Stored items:
______________________________

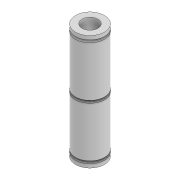
# Autodesk Inventor part: fullbar
Saved by Autodesk Inventor 2021 (Build 250183000, 183)
## iProperties
Created: 2022-10-12
Part Number: fullbar
Material: Generic
Document SubType Name: Modeling
Designer: alyn649
Density: 1 g/cm^3
Appearance: Default
Author: alyn649
Autodesk Inventor part; units mm, degrees
ref_plane "YZ Plane" through (0, 0, 0) normal (1, 0, 0) x (0, 1, 0)
sketch "Sketch1" plane through (0, 0, 0) normal (0, 1, 0) x (-1, 0, 0)
  circle A0 centre (0, 0) radius 2.9
  circle A1 centre (0, 0) radius 1.6
  dimension "d0" = 3.2
  dimension "d1" = 5.8
  constraints: 2 centre point, 2 coincident
  measures "d0" diameter of A1
  measures "d1" diameter of A0
extrude "Extrusion1" add sketch "Sketch1" along normal blind 23
ref_plane "Work Plane1" through (0, 11.5, 0) normal (0, 1, 0) x (1, 0, 0)
sketch "Sketch3" plane through (0, 11.5, 0) normal (0, 1, 0) x (1, 0, 0)
  circle A0 centre (0, 0) radius 1.6 construction
  circle A1 centre (0, 0) radius 2.2
  circle A2 centre (0, 0) radius 2.9 projected
  dimension "d12" = 0.7
  constraints: 1 centre point, 1 coincident
  measures "d12" radial gap between concentric circles of A2 A1
extrude "Extrusion3" cut sketch "Sketch3" along normal mid plane 0.5
ref_plane "Work Plane2" through (0, 22, 0) normal (0, 1, 0) x (1, 0, 0)
sketch "Sketch4" plane through (0, 22, 0) normal (0, 1, 0) x (1, 0, 0)
  circle A0 centre (0, 0) radius 2.9 projected
  circle A1 centre (0, 0) radius 2.2
  dimension "d9" = 0.7
  constraints: 1 centre point, 1 coincident
  measures "d9" radial gap between concentric circles of A0 A1
extrude "Extrusion4" cut sketch "Sketch4" along normal mid plane 0.5
mirror "Mirror1" about plane through (0, 11.5, 0) normal (0, 1, 0) of "Extrusion4"
body "Solid1"

______________________________

> _What is needed_: Reproduce the records above exactly, excluding every picture.

> _Answer for this exercise_:
# Autodesk Inventor part: fullbar
Saved by Autodesk Inventor 2021 (Build 250183000, 183)
## iProperties
Created: 2022-10-12
Part Number: fullbar
Material: Generic
Document SubType Name: Modeling
Designer: alyn649
Density: 1 g/cm^3
Appearance: Default
Author: alyn649
Autodesk Inventor part; units mm, degrees
ref_plane "YZ Plane" through (0, 0, 0) normal (1, 0, 0) x (0, 1, 0)
sketch "Sketch1" plane through (0, 0, 0) normal (0, 1, 0) x (-1, 0, 0)
  circle A0 centre (0, 0) radius 2.9
  circle A1 centre (0, 0) radius 1.6
  dimension "d0" = 3.2
  dimension "d1" = 5.8
  constraints: 2 centre point, 2 coincident
  measures "d0" diameter of A1
  measures "d1" diameter of A0
extrude "Extrusion1" add sketch "Sketch1" along normal blind 23
ref_plane "Work Plane1" through (0, 11.5, 0) normal (0, 1, 0) x (1, 0, 0)
sketch "Sketch3" plane through (0, 11.5, 0) normal (0, 1, 0) x (1, 0, 0)
  circle A0 centre (0, 0) radius 1.6 construction
  circle A1 centre (0, 0) radius 2.2
  circle A2 centre (0, 0) radius 2.9 projected
  dimension "d12" = 0.7
  constraints: 1 centre point, 1 coincident
  measures "d12" radial gap between concentric circles of A2 A1
extrude "Extrusion3" cut sketch "Sketch3" along normal mid plane 0.5
ref_plane "Work Plane2" through (0, 22, 0) normal (0, 1, 0) x (1, 0, 0)
sketch "Sketch4" plane through (0, 22, 0) normal (0, 1, 0) x (1, 0, 0)
  circle A0 centre (0, 0) radius 2.9 projected
  circle A1 centre (0, 0) radius 2.2
  dimension "d9" = 0.7
  constraints: 1 centre point, 1 coincident
  measures "d9" radial gap between concentric circles of A0 A1
extrude "Extrusion4" cut sketch "Sketch4" along normal mid plane 0.5
mirror "Mirror1" about plane through (0, 11.5, 0) normal (0, 1, 0) of "Extrusion4"
body "Solid1"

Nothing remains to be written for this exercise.